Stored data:
--- --- ---
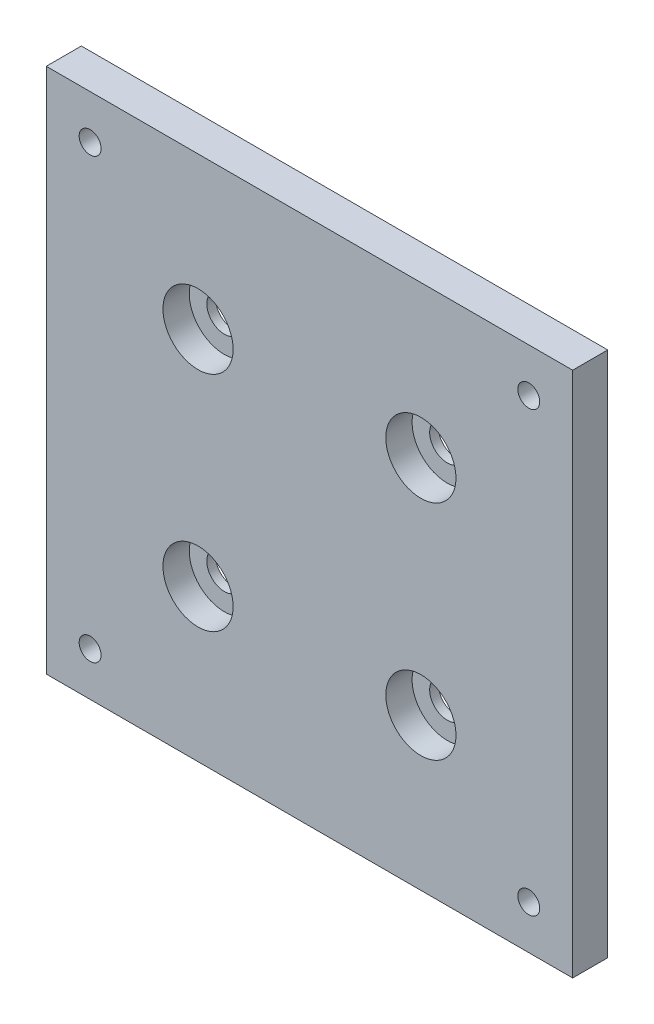
ISO-10303-21;
HEADER;
FILE_DESCRIPTION(('STEP AP214'),'2;1');
FILE_NAME('part.step','',(''),(''),'','','');
FILE_SCHEMA(('AUTOMOTIVE_DESIGN { 1 0 10303 214 1 1 1 1 }'));
ENDSEC;
DATA;
#1=APPLICATION_CONTEXT('core data for automotive mechanical design processes');
#2=APPLICATION_PROTOCOL_DEFINITION('international standard','automotive_design',2000,#1);
#3=PRODUCT_CONTEXT('',#1,'mechanical');
#4=PRODUCT('Part','Part','',(#3));
#5=PRODUCT_RELATED_PRODUCT_CATEGORY('part','',(#4));
#6=PRODUCT_DEFINITION_FORMATION('','',#4);
#7=PRODUCT_DEFINITION_CONTEXT('part definition',#1,'design');
#8=PRODUCT_DEFINITION('design','',#6,#7);
#9=PRODUCT_DEFINITION_SHAPE('','',#8);
#10=(LENGTH_UNIT() NAMED_UNIT(*) SI_UNIT(.MILLI.,.METRE.));
#11=(NAMED_UNIT(*) PLANE_ANGLE_UNIT() SI_UNIT($,.RADIAN.));
#12=(NAMED_UNIT(*) SI_UNIT($,.STERADIAN.) SOLID_ANGLE_UNIT());
#13=UNCERTAINTY_MEASURE_WITH_UNIT(LENGTH_MEASURE(1.E-05),#10,'distance_accuracy_value','');
#14=(GEOMETRIC_REPRESENTATION_CONTEXT(3) GLOBAL_UNCERTAINTY_ASSIGNED_CONTEXT((#13)) GLOBAL_UNIT_ASSIGNED_CONTEXT((#10,
#11,#12)) REPRESENTATION_CONTEXT('',''));
#15=CARTESIAN_POINT('',(0.,0.,0.));
#16=DIRECTION('',(0.,0.,1.));
#17=DIRECTION('',(1.,0.,0.));
#18=AXIS2_PLACEMENT_3D('',#15,#16,#17);
#19=CARTESIAN_POINT('',(30.,30.,4.));
#20=DIRECTION('',(-1.,0.,0.));
#21=DIRECTION('',(0.,0.,1.));
#22=AXIS2_PLACEMENT_3D('',#19,#20,#21);
#23=PLANE('',#22);
#24=DIRECTION('',(0.,1.,0.));
#25=VECTOR('',#24,1.);
#26=CARTESIAN_POINT('',(30.,30.,0.));
#27=LINE('',#26,#25);
#28=CARTESIAN_POINT('',(30.,-30.,0.));
#29=VERTEX_POINT('',#28);
#30=CARTESIAN_POINT('',(30.,30.,0.));
#31=VERTEX_POINT('',#30);
#32=EDGE_CURVE('E109',#29,#31,#27,.T.);
#33=ORIENTED_EDGE('',*,*,#32,.T.);
#34=DIRECTION('',(0.,0.,-1.));
#35=VECTOR('',#34,1.);
#36=CARTESIAN_POINT('',(30.,30.,4.));
#37=LINE('',#36,#35);
#38=CARTESIAN_POINT('',(30.,30.,4.));
#39=VERTEX_POINT('',#38);
#40=EDGE_CURVE('E11',#39,#31,#37,.T.);
#41=ORIENTED_EDGE('',*,*,#40,.F.);
#42=DIRECTION('',(0.,1.,0.));
#43=VECTOR('',#42,1.);
#44=CARTESIAN_POINT('',(30.,30.,4.));
#45=LINE('',#44,#43);
#46=CARTESIAN_POINT('',(30.,-30.,4.));
#47=VERTEX_POINT('',#46);
#48=EDGE_CURVE('E93',#47,#39,#45,.T.);
#49=ORIENTED_EDGE('',*,*,#48,.F.);
#50=DIRECTION('',(0.,0.,-1.));
#51=VECTOR('',#50,1.);
#52=CARTESIAN_POINT('',(30.,-30.,4.));
#53=LINE('',#52,#51);
#54=EDGE_CURVE('E105',#47,#29,#53,.T.);
#55=ORIENTED_EDGE('',*,*,#54,.T.);
#56=EDGE_LOOP('',(#33,#41,#49,#55));
#57=FACE_BOUND('',#56,.T.);
#58=ADVANCED_FACE('F41',(#57),#23,.F.);
#59=CARTESIAN_POINT('',(-30.,30.,4.));
#60=DIRECTION('',(0.,-1.,0.));
#61=DIRECTION('',(0.,0.,-1.));
#62=AXIS2_PLACEMENT_3D('',#59,#60,#61);
#63=PLANE('',#62);
#64=DIRECTION('',(-1.,0.,0.));
#65=VECTOR('',#64,1.);
#66=CARTESIAN_POINT('',(-30.,30.,0.));
#67=LINE('',#66,#65);
#68=CARTESIAN_POINT('',(-30.,30.,0.));
#69=VERTEX_POINT('',#68);
#70=EDGE_CURVE('E98',#31,#69,#67,.T.);
#71=ORIENTED_EDGE('',*,*,#70,.T.);
#72=DIRECTION('',(0.,0.,-1.));
#73=VECTOR('',#72,1.);
#74=CARTESIAN_POINT('',(-30.,30.,4.));
#75=LINE('',#74,#73);
#76=CARTESIAN_POINT('',(-30.,30.,4.));
#77=VERTEX_POINT('',#76);
#78=EDGE_CURVE('E50',#77,#69,#75,.T.);
#79=ORIENTED_EDGE('',*,*,#78,.F.);
#80=DIRECTION('',(-1.,0.,0.));
#81=VECTOR('',#80,1.);
#82=CARTESIAN_POINT('',(-30.,30.,4.));
#83=LINE('',#82,#81);
#84=EDGE_CURVE('E88',#39,#77,#83,.T.);
#85=ORIENTED_EDGE('',*,*,#84,.F.);
#86=ORIENTED_EDGE('',*,*,#40,.T.);
#87=EDGE_LOOP('',(#71,#79,#85,#86));
#88=FACE_BOUND('',#87,.T.);
#89=ADVANCED_FACE('F97',(#88),#63,.F.);
#90=CARTESIAN_POINT('',(-30.,30.,4.));
#91=DIRECTION('',(1.,0.,0.));
#92=DIRECTION('',(0.,1.,0.));
#93=AXIS2_PLACEMENT_3D('',#90,#91,#92);
#94=PLANE('',#93);
#95=DIRECTION('',(0.,-1.,0.));
#96=VECTOR('',#95,1.);
#97=CARTESIAN_POINT('',(-30.,30.,0.));
#98=LINE('',#97,#96);
#99=CARTESIAN_POINT('',(-30.,-30.,0.));
#100=VERTEX_POINT('',#99);
#101=EDGE_CURVE('E75',#69,#100,#98,.T.);
#102=ORIENTED_EDGE('',*,*,#101,.T.);
#103=DIRECTION('',(0.,0.,-1.));
#104=VECTOR('',#103,1.);
#105=CARTESIAN_POINT('',(-30.,-30.,4.));
#106=LINE('',#105,#104);
#107=CARTESIAN_POINT('',(-30.,-30.,4.));
#108=VERTEX_POINT('',#107);
#109=EDGE_CURVE('E100',#108,#100,#106,.T.);
#110=ORIENTED_EDGE('',*,*,#109,.F.);
#111=DIRECTION('',(0.,-1.,0.));
#112=VECTOR('',#111,1.);
#113=CARTESIAN_POINT('',(-30.,30.,4.));
#114=LINE('',#113,#112);
#115=EDGE_CURVE('E91',#77,#108,#114,.T.);
#116=ORIENTED_EDGE('',*,*,#115,.F.);
#117=ORIENTED_EDGE('',*,*,#78,.T.);
#118=EDGE_LOOP('',(#102,#110,#116,#117));
#119=FACE_BOUND('',#118,.T.);
#120=ADVANCED_FACE('F101',(#119),#94,.F.);
#121=CARTESIAN_POINT('',(-30.,-30.,4.));
#122=DIRECTION('',(0.,1.,0.));
#123=DIRECTION('',(0.,0.,1.));
#124=AXIS2_PLACEMENT_3D('',#121,#122,#123);
#125=PLANE('',#124);
#126=DIRECTION('',(1.,0.,0.));
#127=VECTOR('',#126,1.);
#128=CARTESIAN_POINT('',(-30.,-30.,0.));
#129=LINE('',#128,#127);
#130=EDGE_CURVE('E81',#100,#29,#129,.T.);
#131=ORIENTED_EDGE('',*,*,#130,.T.);
#132=ORIENTED_EDGE('',*,*,#54,.F.);
#133=DIRECTION('',(1.,0.,0.));
#134=VECTOR('',#133,1.);
#135=CARTESIAN_POINT('',(-30.,-30.,4.));
#136=LINE('',#135,#134);
#137=EDGE_CURVE('E58',#108,#47,#136,.T.);
#138=ORIENTED_EDGE('',*,*,#137,.F.);
#139=ORIENTED_EDGE('',*,*,#109,.T.);
#140=EDGE_LOOP('',(#131,#132,#138,#139));
#141=FACE_BOUND('',#140,.T.);
#142=ADVANCED_FACE('F123',(#141),#125,.F.);
#143=CARTESIAN_POINT('',(0.,0.,4.));
#144=DIRECTION('',(0.,0.,1.));
#145=DIRECTION('',(1.,0.,0.));
#146=AXIS2_PLACEMENT_3D('',#143,#144,#145);
#147=PLANE('',#146);
#148=CARTESIAN_POINT('',(-12.7,12.7,4.));
#149=DIRECTION('',(0.,0.,1.));
#150=DIRECTION('',(1.,0.,0.));
#151=AXIS2_PLACEMENT_3D('',#148,#149,#150);
#152=CIRCLE('',#151,4.00000000000001);
#153=CARTESIAN_POINT('',(-8.69999999999999,12.7,4.));
#154=VERTEX_POINT('',#153);
#155=EDGE_CURVE('E221',#154,#154,#152,.T.);
#156=ORIENTED_EDGE('',*,*,#155,.F.);
#157=EDGE_LOOP('',(#156));
#158=FACE_BOUND('',#157,.T.);
#159=CARTESIAN_POINT('',(12.7,12.7,4.));
#160=DIRECTION('',(0.,0.,1.));
#161=DIRECTION('',(1.,0.,0.));
#162=AXIS2_PLACEMENT_3D('',#159,#160,#161);
#163=CIRCLE('',#162,4.00000000000001);
#164=CARTESIAN_POINT('',(16.7,12.7,4.));
#165=VERTEX_POINT('',#164);
#166=EDGE_CURVE('E205',#165,#165,#163,.T.);
#167=ORIENTED_EDGE('',*,*,#166,.F.);
#168=EDGE_LOOP('',(#167));
#169=FACE_BOUND('',#168,.T.);
#170=CARTESIAN_POINT('',(12.7,-12.7,4.));
#171=DIRECTION('',(0.,0.,1.));
#172=DIRECTION('',(1.,0.,0.));
#173=AXIS2_PLACEMENT_3D('',#170,#171,#172);
#174=CIRCLE('',#173,4.00000000000001);
#175=CARTESIAN_POINT('',(16.7,-12.7,4.));
#176=VERTEX_POINT('',#175);
#177=EDGE_CURVE('E189',#176,#176,#174,.T.);
#178=ORIENTED_EDGE('',*,*,#177,.F.);
#179=EDGE_LOOP('',(#178));
#180=FACE_BOUND('',#179,.T.);
#181=CARTESIAN_POINT('',(-12.7,-12.7,4.));
#182=DIRECTION('',(0.,0.,1.));
#183=DIRECTION('',(1.,0.,0.));
#184=AXIS2_PLACEMENT_3D('',#181,#182,#183);
#185=CIRCLE('',#184,4.00000000000001);
#186=CARTESIAN_POINT('',(-8.69999999999999,-12.7,4.));
#187=VERTEX_POINT('',#186);
#188=EDGE_CURVE('E173',#187,#187,#185,.T.);
#189=ORIENTED_EDGE('',*,*,#188,.F.);
#190=EDGE_LOOP('',(#189));
#191=FACE_BOUND('',#190,.T.);
#192=CARTESIAN_POINT('',(-25.,25.,4.));
#193=DIRECTION('',(0.,0.,1.));
#194=DIRECTION('',(1.,0.,0.));
#195=AXIS2_PLACEMENT_3D('',#192,#193,#194);
#196=CIRCLE('',#195,1.24999999999999);
#197=CARTESIAN_POINT('',(-23.75,25.,4.));
#198=VERTEX_POINT('',#197);
#199=EDGE_CURVE('E157',#198,#198,#196,.T.);
#200=ORIENTED_EDGE('',*,*,#199,.F.);
#201=EDGE_LOOP('',(#200));
#202=FACE_BOUND('',#201,.T.);
#203=CARTESIAN_POINT('',(25.,25.,4.));
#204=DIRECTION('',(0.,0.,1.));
--- --- ---
PROBLEM TO SOLVE
From the first line of the records down through the line containing "#42=DIRECTION('',(0.,1.,0.));", transcribe exactly those lines and no others, both ends kept, pictures dropped.

WRITTEN ANSWER
ISO-10303-21;
HEADER;
FILE_DESCRIPTION(('STEP AP214'),'2;1');
FILE_NAME('part.step','',(''),(''),'','','');
FILE_SCHEMA(('AUTOMOTIVE_DESIGN { 1 0 10303 214 1 1 1 1 }'));
ENDSEC;
DATA;
#1=APPLICATION_CONTEXT('core data for automotive mechanical design processes');
#2=APPLICATION_PROTOCOL_DEFINITION('international standard','automotive_design',2000,#1);
#3=PRODUCT_CONTEXT('',#1,'mechanical');
#4=PRODUCT('Part','Part','',(#3));
#5=PRODUCT_RELATED_PRODUCT_CATEGORY('part','',(#4));
#6=PRODUCT_DEFINITION_FORMATION('','',#4);
#7=PRODUCT_DEFINITION_CONTEXT('part definition',#1,'design');
#8=PRODUCT_DEFINITION('design','',#6,#7);
#9=PRODUCT_DEFINITION_SHAPE('','',#8);
#10=(LENGTH_UNIT() NAMED_UNIT(*) SI_UNIT(.MILLI.,.METRE.));
#11=(NAMED_UNIT(*) PLANE_ANGLE_UNIT() SI_UNIT($,.RADIAN.));
#12=(NAMED_UNIT(*) SI_UNIT($,.STERADIAN.) SOLID_ANGLE_UNIT());
#13=UNCERTAINTY_MEASURE_WITH_UNIT(LENGTH_MEASURE(1.E-05),#10,'distance_accuracy_value','');
#14=(GEOMETRIC_REPRESENTATION_CONTEXT(3) GLOBAL_UNCERTAINTY_ASSIGNED_CONTEXT((#13)) GLOBAL_UNIT_ASSIGNED_CONTEXT((#10,
#11,#12)) REPRESENTATION_CONTEXT('',''));
#15=CARTESIAN_POINT('',(0.,0.,0.));
#16=DIRECTION('',(0.,0.,1.));
#17=DIRECTION('',(1.,0.,0.));
#18=AXIS2_PLACEMENT_3D('',#15,#16,#17);
#19=CARTESIAN_POINT('',(30.,30.,4.));
#20=DIRECTION('',(-1.,0.,0.));
#21=DIRECTION('',(0.,0.,1.));
#22=AXIS2_PLACEMENT_3D('',#19,#20,#21);
#23=PLANE('',#22);
#24=DIRECTION('',(0.,1.,0.));
#25=VECTOR('',#24,1.);
#26=CARTESIAN_POINT('',(30.,30.,0.));
#27=LINE('',#26,#25);
#28=CARTESIAN_POINT('',(30.,-30.,0.));
#29=VERTEX_POINT('',#28);
#30=CARTESIAN_POINT('',(30.,30.,0.));
#31=VERTEX_POINT('',#30);
#32=EDGE_CURVE('E109',#29,#31,#27,.T.);
#33=ORIENTED_EDGE('',*,*,#32,.T.);
#34=DIRECTION('',(0.,0.,-1.));
#35=VECTOR('',#34,1.);
#36=CARTESIAN_POINT('',(30.,30.,4.));
#37=LINE('',#36,#35);
#38=CARTESIAN_POINT('',(30.,30.,4.));
#39=VERTEX_POINT('',#38);
#40=EDGE_CURVE('E11',#39,#31,#37,.T.);
#41=ORIENTED_EDGE('',*,*,#40,.F.);
#42=DIRECTION('',(0.,1.,0.));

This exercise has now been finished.